Герцен и доктор согласились. Я побежала в Palais Royal за рябчиком и за вином; это было близко от нас, и там можно было наверное все найти. Уходя, я слышала, как Александр Иванович сказал Наташе:
— Бери карандаш и пиши телеграмму. Вот она:
«Tchorzevsky. 20. Route de Carouge. Grand danger passe. Mecontent des medecins comme par-tout. Demain tacherai d'ecrire.
Jeudi 20 Janvier 1870».
Когда принесли рябчика, Наташа нарезала его кусочками и кормила отца. Он жевал и выплевывал, но, видимо, уставал. Ольга помогала сестре. Вскоре он попросил всех выйти и дать ему заснуть, но едва все уходили, он звал опять и говорил, что его бросили одного. Сон был тревожен и мало-помалу перешел в бред с открытыми глазами. За его кроватью висело зеркало, в которое виднелось окно. Это зеркало мало-помалу стало занимать его и наконец беспокоить.
— Как это мы два месяца живем здесь и не знали, что здесь все на виду и что тут все дамы? — сказал Герцен.
Я успокаивала его, говоря, что в комнате никого нет и что это не окно, а зеркало.
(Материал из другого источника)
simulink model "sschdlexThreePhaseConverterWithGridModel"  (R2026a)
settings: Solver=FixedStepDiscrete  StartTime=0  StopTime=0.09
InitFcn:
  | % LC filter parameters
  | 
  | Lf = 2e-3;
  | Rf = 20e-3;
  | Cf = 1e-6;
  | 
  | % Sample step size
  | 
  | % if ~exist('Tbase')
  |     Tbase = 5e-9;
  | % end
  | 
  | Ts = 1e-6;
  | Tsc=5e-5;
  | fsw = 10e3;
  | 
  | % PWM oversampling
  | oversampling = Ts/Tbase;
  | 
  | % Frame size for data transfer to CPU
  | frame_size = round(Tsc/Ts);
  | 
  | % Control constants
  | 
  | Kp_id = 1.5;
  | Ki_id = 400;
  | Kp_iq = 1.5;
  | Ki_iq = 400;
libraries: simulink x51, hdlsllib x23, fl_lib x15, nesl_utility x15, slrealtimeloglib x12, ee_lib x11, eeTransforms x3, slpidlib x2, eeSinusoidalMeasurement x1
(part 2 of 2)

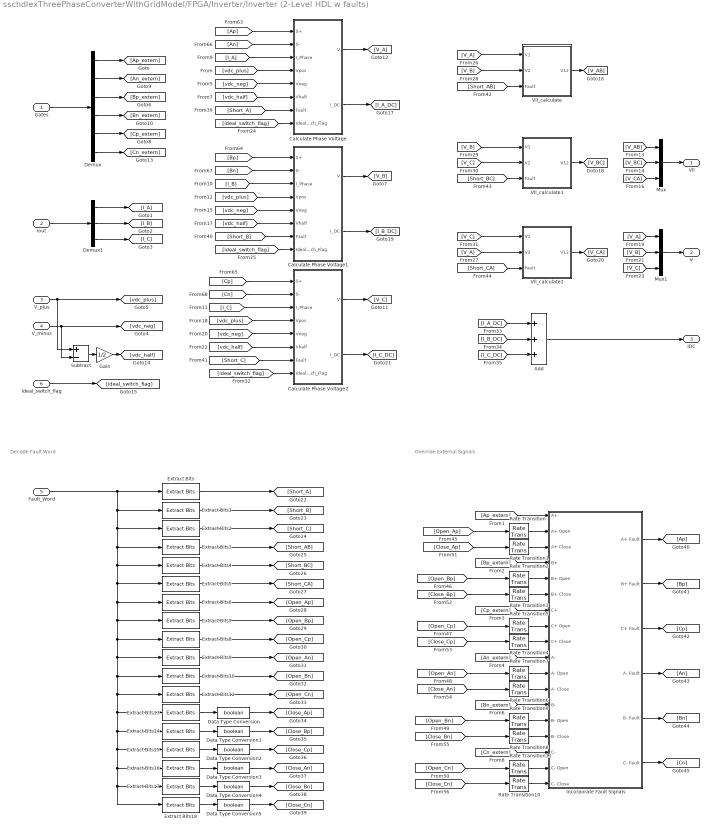
== system sschdlexThreePhaseConverterWithGridModel/FPGA/Inverter/Inverter (2-Level HDL w faults) ==
  note: Override External Signals
  note: Decode Fault Word
  Gates : Inport
  Iout : Inport  Port=2
  V_plus : Inport  Port=3
  V_minus : Inport  Port=4
  Fault_Word : Inport  Port=5
  ideal_switch_flag : Inport  Port=6
  Add : Sum  Inputs=+++
  Calculate Phase Voltage : Subsystem
  Calculate Phase Voltage1 : Subsystem
  Calculate Phase Voltage2 : Subsystem
  Data Type Conversion{,1..5} (6 alike) : DataTypeConversion  OutDataTypeStr=boolean  SaturateOnIntegerOverflow=off  RndMeth=Floor
  Demux : Demux  Outputs=6
  Demux1 : Demux  Outputs=3
  Extract Bits : simulink/Logic and Bit Operations/Extract Bits  bitsToExtract=Range of bits  numBits=8  bitIdxRange=[0]  outScalingMode=Treat bit field as an integer
  Extract Bits1 : simulink/Logic and Bit Operations/Extract Bits  bitsToExtract=Range of bits  numBits=8  bitIdxRange=1  outScalingMode=Treat bit field as an integer
  Extract Bits10 : simulink/Logic and Bit Operations/Extract Bits  bitsToExtract=Range of bits  numBits=8  bitIdxRange=10  outScalingMode=Treat bit field as an integer
  Extract Bits12 : simulink/Logic and Bit Operations/Extract Bits  bitsToExtract=Range of bits  numBits=8  bitIdxRange=11  outScalingMode=Treat bit field as an integer
  Extract Bits13 : simulink/Logic and Bit Operations/Extract Bits  bitsToExtract=Range of bits  numBits=8  bitIdxRange=12  outScalingMode=Treat bit field as an integer
  Extract Bits14 : simulink/Logic and Bit Operations/Extract Bits  bitsToExtract=Range of bits  numBits=8  bitIdxRange=13  outScalingMode=Treat bit field as an integer
  Extract Bits15 : simulink/Logic and Bit Operations/Extract Bits  bitsToExtract=Range of bits  numBits=8  bitIdxRange=14  outScalingMode=Treat bit field as an integer
  Extract Bits16 : simulink/Logic and Bit Operations/Extract Bits  bitsToExtract=Range of bits  numBits=8  bitIdxRange=15  outScalingMode=Treat bit field as an integer
  Extract Bits17 : simulink/Logic and Bit Operations/Extract Bits  bitsToExtract=Range of bits  numBits=8  bitIdxRange=16  outScalingMode=Treat bit field as an integer
  Extract Bits18 : simulink/Logic and Bit Operations/Extract Bits  bitsToExtract=Range of bits  numBits=8  bitIdxRange=17  outScalingMode=Treat bit field as an integer
  Extract Bits2 : simulink/Logic and Bit Operations/Extract Bits  bitsToExtract=Range of bits  numBits=8  bitIdxRange=2  outScalingMode=Treat bit field as an integer
  Extract Bits3 : simulink/Logic and Bit Operations/Extract Bits  bitsToExtract=Range of bits  numBits=8  bitIdxRange=3  outScalingMode=Treat bit field as an integer
  Extract Bits4 : simulink/Logic and Bit Operations/Extract Bits  bitsToExtract=Range of bits  numBits=8  bitIdxRange=4  outScalingMode=Treat bit field as an integer
  Extract Bits5 : simulink/Logic and Bit Operations/Extract Bits  bitsToExtract=Range of bits  numBits=8  bitIdxRange=5  outScalingMode=Treat bit field as an integer
  Extract Bits6 : simulink/Logic and Bit Operations/Extract Bits  bitsToExtract=Range of bits  numBits=8  bitIdxRange=6  outScalingMode=Treat bit field as an integer
  Extract Bits7 : simulink/Logic and Bit Operations/Extract Bits  bitsToExtract=Range of bits  numBits=8  bitIdxRange=7  outScalingMode=Treat bit field as an integer
  Extract Bits8 : simulink/Logic and Bit Operations/Extract Bits  bitsToExtract=Range of bits  numBits=8  bitIdxRange=8  outScalingMode=Treat bit field as an integer
  Extract Bits9 : simulink/Logic and Bit Operations/Extract Bits  bitsToExtract=Range of bits  numBits=8  bitIdxRange=9  outScalingMode=Treat bit field as an integer
  Gain : Gain  Gain=1/2
  Incorporate Fault Signals : Subsystem
  Mux : Mux  Inputs=3
  Mux1 : Mux  Inputs=3
  Rate Transition{,1..11} (12 alike) : RateTransition  OutPortSampleTime=ts_FPGA_clk
  Subtract : Sum  Inputs=+-
  Vll_calculate : Subsystem
  Vll_calculate1 : Subsystem
  Vll_calculate2 : Subsystem
  Vll : Outport  OutDataTypeStr=single  VectorParamsAs1DForOutWhenUnconnected=off
  V : Outport  Port=2  OutDataTypeStr=single  VectorParamsAs1DForOutWhenUnconnected=off
  IDC : Outport  Port=3  OutDataTypeStr=single  VectorParamsAs1DForOutWhenUnconnected=off
  wires:
  Gates/1 -> Demux/1
  Demux/1 -> [Ap_extern]
  Demux/3 -> [Bp_extern]
  Demux/5 -> [Cp_extern]
  Calculate Phase Voltage/1(V) -> [V_A]
  [V_B] -> Vll_calculate/2(V2)
  [V_A] -> Vll_calculate/1(V1)
  Vll_calculate/1(V12) -> [V_AB]
  Vll_calculate2/1(V12) -> [V_CA]
  Vll_calculate1/1(V12) -> [V_BC]
  Extract Bits9/1 -> [Open_An]
  Extract Bits12/1 -> [Open_Cn]
  [Ap_extern] -> Incorporate Fault Signals/1(A+)
  Incorporate Fault Signals/6(C- Fault) -> [Cn]
  [Open_Cn] -> Rate Transition11/1
  Incorporate Fault Signals/2(B+ Fault) -> [Bp]
  [Cn_extern] -> Incorporate Fault Signals/16(C-)
  [Close_Bn] -> Rate Transition8/1
  Incorporate Fault Signals/5(B- Fault) -> [Bn]
  Extract Bits7/1 -> [Open_Bp]
  [Bp_extern] -> Incorporate Fault Signals/4(B+)
  [Close_Cn] -> Rate Transition10/1
  [Close_Bp] -> Rate Transition3/1
  [Open_Bp] -> Rate Transition2/1
  [Bn_extern] -> Incorporate Fault Signals/13(B-)
  [Close_An] -> Rate Transition6/1
  [An_extern] -> Incorporate Fault Signals/10(A-)
  Fault_Word/1 -> Extract Bits/1, Extract Bits1/1, Extract Bits2/1, Extract Bits3/1, Extract Bits4/1, Extract Bits5/1, Extract Bits6/1, Extract Bits7/1, Extract Bits8/1, Extract Bits9/1, Extract Bits10/1, Extract Bits12/1, Extract Bits13/1, Extract Bits14/1, Extract Bits15/1, Extract Bits16/1, Extract Bits18/1, Extract Bits17/1
  Extract Bits6/1 -> [Open_Ap]
  [Open_Ap] -> Rate Transition/1
  Extract Bits8/1 -> [Open_Cp]
  Extract Bits17/1 -> Data Type Conversion4/1
  [Cp_extern] -> Incorporate Fault Signals/7(C+)
  Extract Bits5/1 -> [Short_CA]
  Extract Bits14/1 -> Data Type Conversion1/1
  Extract Bits1/1 -> [Short_B]
  Extract Bits13/1 -> Data Type Conversion/1
  Extract Bits10/1 -> [Open_Bn]
  Incorporate Fault Signals/4(A- Fault) -> [An]
  [Close_Ap] -> Rate Transition1/1
  [Open_Cp] -> Rate Transition5/1
  Incorporate Fault Signals/1(A+ Fault) -> [Ap]
  Extract Bits4/1 -> [Short_BC]
  Extract Bits18/1 -> Data Type Conversion5/1
  Extract Bits3/1 -> [Short_AB]
  [Open_Bn] -> Rate Transition9/1
  Extract Bits2/1 -> [Short_C]
  [Open_An] -> Rate Transition7/1
  Extract Bits15/1 -> Data Type Conversion2/1
  Extract Bits/1 -> [Short_A]
  Incorporate Fault Signals/3(C+ Fault) -> [Cp]
  [Close_Cp] -> Rate Transition4/1
  Extract Bits16/1 -> Data Type Conversion3/1
  Iout/1 -> Demux1/1
  Demux1/1 -> [I_A]
  Demux1/2 -> [I_B]
  Demux1/3 -> [I_C]
  [Ap] -> Calculate Phase Voltage/1(S+)
  [I_A] -> Calculate Phase Voltage/3(I_Phase)
  [An] -> Calculate Phase Voltage/2(S-)
  [vdc_plus] -> Calculate Phase Voltage/4(Vpos)
  [vdc_neg] -> Calculate Phase Voltage/5(Vneg)
  [vdc_half] -> Calculate Phase Voltage/6(Vhalf)
  [Short_A] -> Calculate Phase Voltage/7(Fault)
  [Bp] -> Calculate Phase Voltage1/1(S+)
  [Bn] -> Calculate Phase Voltage1/2(S-)
  [I_B] -> Calculate Phase Voltage1/3(I_Phase)
  [vdc_plus] -> Calculate Phase Voltage1/4(Vpos)
  [vdc_neg] -> Calculate Phase Voltage1/5(Vneg)
  [vdc_half] -> Calculate Phase Voltage1/6(Vhalf)
  [Short_B] -> Calculate Phase Voltage1/7(Fault)
  [I_C] -> Calculate Phase Voltage2/3(I_Phase)
  [Cp] -> Calculate Phase Voltage2/1(S+)
  [Cn] -> Calculate Phase Voltage2/2(S-)
  [vdc_plus] -> Calculate Phase Voltage2/4(Vpos)
  [vdc_neg] -> Calculate Phase Voltage2/5(Vneg)
  [Short_C] -> Calculate Phase Voltage2/7(Fault)
  [vdc_half] -> Calculate Phase Voltage2/6(Vhalf)
  Calculate Phase Voltage1/1(V) -> [V_B]
  Calculate Phase Voltage2/1(V) -> [V_C]
  [V_C] -> Vll_calculate2/1(V1)
  [V_A] -> Vll_calculate2/2(V2)
  [V_B] -> Vll_calculate1/1(V1)
  [V_C] -> Vll_calculate1/2(V2)
  [Short_AB] -> Vll_calculate/3(Fault)
  [Short_BC] -> Vll_calculate1/3(Fault)
  [Short_CA] -> Vll_calculate2/3(Fault)
  [V_BC] -> Mux/2
  [V_CA] -> Mux/3
  [V_AB] -> Mux/1
  Mux/1 -> Vll/1
  V_plus/1 -> Subtract/1, [vdc_plus]
  V_minus/1 -> Subtract/2, [vdc_neg]
  Subtract/1 -> Gain/1
  Gain/1 -> [vdc_half]
  Data Type Conversion/1 -> [Close_Ap]
  Data Type Conversion1/1 -> [Close_Bp]
  Data Type Conversion2/1 -> [Close_Cp]
  Data Type Conversion3/1 -> [Close_An]
  Data Type Conversion4/1 -> [Close_Bn]
  Data Type Conversion5/1 -> [Close_Cn]
  Mux1/1 -> V/1
  [V_A] -> Mux1/1
  [V_C] -> Mux1/3
  [V_B] -> Mux1/2
  ideal_switch_flag/1 -> [ideal_switch_flag]
  [ideal_switch_flag] -> Calculate Phase Voltage/8(Ideal_Switch_Flag)
  [ideal_switch_flag] -> Calculate Phase Voltage1/8(Ideal_Switch_Flag)
  [ideal_switch_flag] -> Calculate Phase Voltage2/8(Ideal_Switch_Flag)
  Demux/2 -> [An_extern]
  Demux/4 -> [Bn_extern]
  Demux/6 -> [Cn_extern]
  Calculate Phase Voltage/2(I_DC) -> [I_A_DC]
  Calculate Phase Voltage1/2(I_DC) -> [I_B_DC]
  Calculate Phase Voltage2/2(I_DC) -> [I_C_DC]
  [I_A_DC] -> Add/1
  [I_B_DC] -> Add/2
  [I_C_DC] -> Add/3
  Add/1 -> IDC/1
  Rate Transition/1 -> Incorporate Fault Signals/2(A+ Open)
  Rate Transition1/1 -> Incorporate Fault Signals/3(A+ Close)
  Rate Transition2/1 -> Incorporate Fault Signals/5(B+ Open)
  Rate Transition3/1 -> Incorporate Fault Signals/6(B+ Close)
  Rate Transition4/1 -> Incorporate Fault Signals/9(C+ Close)
  Rate Transition5/1 -> Incorporate Fault Signals/8(C+ Open)
  Rate Transition7/1 -> Incorporate Fault Signals/11(A- Open)
  Rate Transition6/1 -> Incorporate Fault Signals/12(A- Close)
  Rate Transition9/1 -> Incorporate Fault Signals/14(B- Open)
  Rate Transition8/1 -> Incorporate Fault Signals/15(B- Close)
  Rate Transition10/1 -> Incorporate Fault Signals/18(C- Close)
  Rate Transition11/1 -> Incorporate Fault Signals/17(C- Open)

== system sschdlexThreePhaseConverterWithGridModel/FPGA/PWM Generator/Carrier ==
  Enable : Inport  OutDataTypeStr=boolean  PortDimensions=1
  PWM Period : Inport  Port=2  OutDataTypeStr=uint32  PortDimensions=1
  Abs : Abs  OutDataTypeStr=uint32  SaturateOnIntegerOverflow=off
  HDL Counter : hdlsllib/Sources/HDL Counter  CountType=Free running  CountInit=0  CountStep=1  CountMax=25  CountFromType=Initial value  CountFrom=0  CountResetPort=on  CountLoadPort=off  CountEnbPort=on  CountDirPort=off  CountHitOutputPort=off  CountDataType=Unsigned  CountWordLen=32  CountFracLen=0  CountSampTime=1
  Minus : Sum  Inputs=+-  OutDataTypeStr=int32
  Multiply : Gain  Gain=2  OutDataTypeStr=uint32
  NOT : Logic  Operator=NOT  AllPortsSameDT=off  OutDataTypeStr=boolean
  OR : Logic  Operator=OR  AllPortsSameDT=off  OutDataTypeStr=boolean
  Relational Operator : RelationalOperator  OutDataTypeStr=boolean  InputSameDT=off
  Counter : Outport  VectorParamsAs1DForOutWhenUnconnected=off
  wires:
  Relational Operator/1 -> OR/1
  HDL Counter/1 -> Relational Operator/1, Minus/1
  Enable/1 -> NOT/1, HDL Counter/2
  PWM Period/1 -> Multiply/1, Minus/2
  Minus/1 -> Abs/1
  Abs/1 -> Counter/1
  Multiply/1 -> Relational Operator/2
  OR/1 -> HDL Counter/1
  NOT/1 -> OR/2

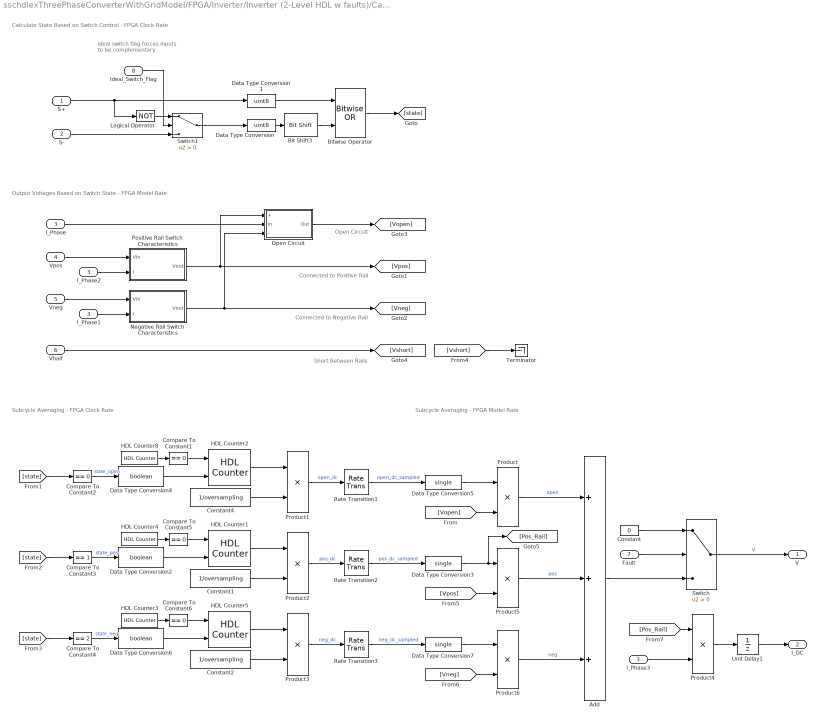
== system sschdlexThreePhaseConverterWithGridModel/FPGA/Inverter/Inverter (2-Level HDL w faults)/Calculate Phase Voltage ==
  note: Subcycle Averaging - FPGA Clock Rate
  note: ideal switch flag forces
      | inputs to be complementary
  note: Open Circuit
  note: Connected to Positive Rail
  note: Connected to Negative Rail
  note: Short Between Rails
  note: Subcycle Averaging - FPGA Model Rate
  note: Output Voltages Based on Switch State - FPGA Model Rate
  note: Calculate State Based on Switch Control - FPGA Clock Rate
  S+ : Inport
  S- : Inport  Port=2
  I_Phase : Inport  Port=3
  Vpos : Inport  Port=4
  Vneg : Inport  Port=5
  Vhalf : Inport  Port=6
  Fault : Inport  Port=7
  Ideal_Switch_Flag : Inport  Port=8
  Add : Sum  Inputs=+++
  Bit Shift3 : hdlsllib/Logic and Bit Operations/Bit Shift  mode=Shift Left Logical  N=1
  Bitwise Operator : simulink/Logic and Bit Operations/Bitwise Operator  logicop=OR  UseBitMask=off  NumInputPorts=2  BitMask=bin2dec('11011001')  BitMaskRealWorld=Stored Integer
  Compare To Constant{1..2,5..6} (4 alike) : simulink/Logic and Bit Operations/Compare To Constant  relop===  const=0  OutDataTypeStr=boolean
  Compare To Constant3 : simulink/Logic and Bit Operations/Compare To Constant  relop===  const=1  OutDataTypeStr=boolean
  Compare To Constant4 : simulink/Logic and Bit Operations/Compare To Constant  relop===  const=2  OutDataTypeStr=boolean
  Constant : Constant  Value=0  OutDataTypeStr=single  SampleTime=ts_FPGA_mdl
  Constant1 : Constant  Value=1/oversampling  OutDataTypeStr=fixdt(0,18,18)  SampleTime=ts_FPGA_clk
  Constant2 : Constant  Value=1/oversampling  OutDataTypeStr=fixdt(0,18,18)  SampleTime=ts_FPGA_clk
  Constant4 : Constant  Value=1/oversampling  OutDataTypeStr=fixdt(0,18,18)  SampleTime=ts_FPGA_clk
  Data Type Conversion : DataTypeConversion  OutDataTypeStr=uint8  SaturateOnIntegerOverflow=off  RndMeth=Floor
  Data Type Conversion1 : DataTypeConversion  OutDataTypeStr=uint8  SaturateOnIntegerOverflow=off  RndMeth=Floor
  Data Type Conversion2 : DataTypeConversion  OutDataTypeStr=boolean  SaturateOnIntegerOverflow=off  RndMeth=Floor
  Data Type Conversion3 : DataTypeConversion  OutDataTypeStr=single  SaturateOnIntegerOverflow=off  RndMeth=Floor
  Data Type Conversion4 : DataTypeConversion  OutDataTypeStr=boolean  SaturateOnIntegerOverflow=off  RndMeth=Floor
  Data Type Conversion5 : DataTypeConversion  OutDataTypeStr=single  SaturateOnIntegerOverflow=off  RndMeth=Floor
  Data Type Conversion6 : DataTypeConversion  OutDataTypeStr=boolean  SaturateOnIntegerOverflow=off  RndMeth=Floor
  Data Type Conversion7 : DataTypeConversion  OutDataTypeStr=single  SaturateOnIntegerOverflow=off  RndMeth=Floor
  HDL Counter1 : hdlsllib/Sources/HDL Counter  CountType=Count limited  CountInit=1  CountStep=1  CountMax=oversampling  CountFromType=Initial value  CountFrom=1  CountResetPort=on  CountLoadPort=off  CountEnbPort=on  CountDirPort=off  CountHitOutputPort=off  CountDataType=Unsigned  CountWordLen=8  CountFracLen=0  CountSampTime=1
  HDL Counter2 : hdlsllib/Sources/HDL Counter  CountType=Count limited  CountInit=1  CountStep=1  CountMax=oversampling  CountFromType=Initial value  CountFrom=1  CountResetPort=on  CountLoadPort=off  CountEnbPort=on  CountDirPort=off  CountHitOutputPort=off  CountDataType=Unsigned  CountWordLen=8  CountFracLen=0  CountSampTime=1
  HDL Counter3 : hdlsllib/Sources/HDL Counter  CountType=Count limited  CountInit=0  CountStep=1  CountMax=oversampling-1  CountFromType=Initial value  CountFrom=0  CountResetPort=off  CountLoadPort=off  CountEnbPort=off  CountDirPort=off  CountHitOutputPort=off  CountDataType=Unsigned  CountWordLen=8  CountFracLen=0  CountSampTime=ts_FPGA_clk
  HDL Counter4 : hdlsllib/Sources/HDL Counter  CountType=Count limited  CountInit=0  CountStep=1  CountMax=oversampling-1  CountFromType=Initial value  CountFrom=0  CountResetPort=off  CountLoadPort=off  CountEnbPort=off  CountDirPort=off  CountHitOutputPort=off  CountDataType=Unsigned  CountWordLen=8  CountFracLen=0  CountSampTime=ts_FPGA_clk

Но, по-видимому, он уже понимал неясно. Мы с Наташей завесили зеркало черной шалью; это его успокоило. Но, несмотря на это, он все-таки тревожно смотрел на карнизы и все хотел что-то схватить руками, а иногда показывал пальцем куда-то вдаль. Беспокойство его усиливалось. Поутру он говорил доктору, что желает перейти в другую комнату. По отъезде Шарко он велел достать все, во что бы переодеться, и хотел встать.
— Эта комната не моя,—говорил он,—это комната в пансионе Ров иго. Я встану и взгляну, куда выходят окна: на улицу или на двор.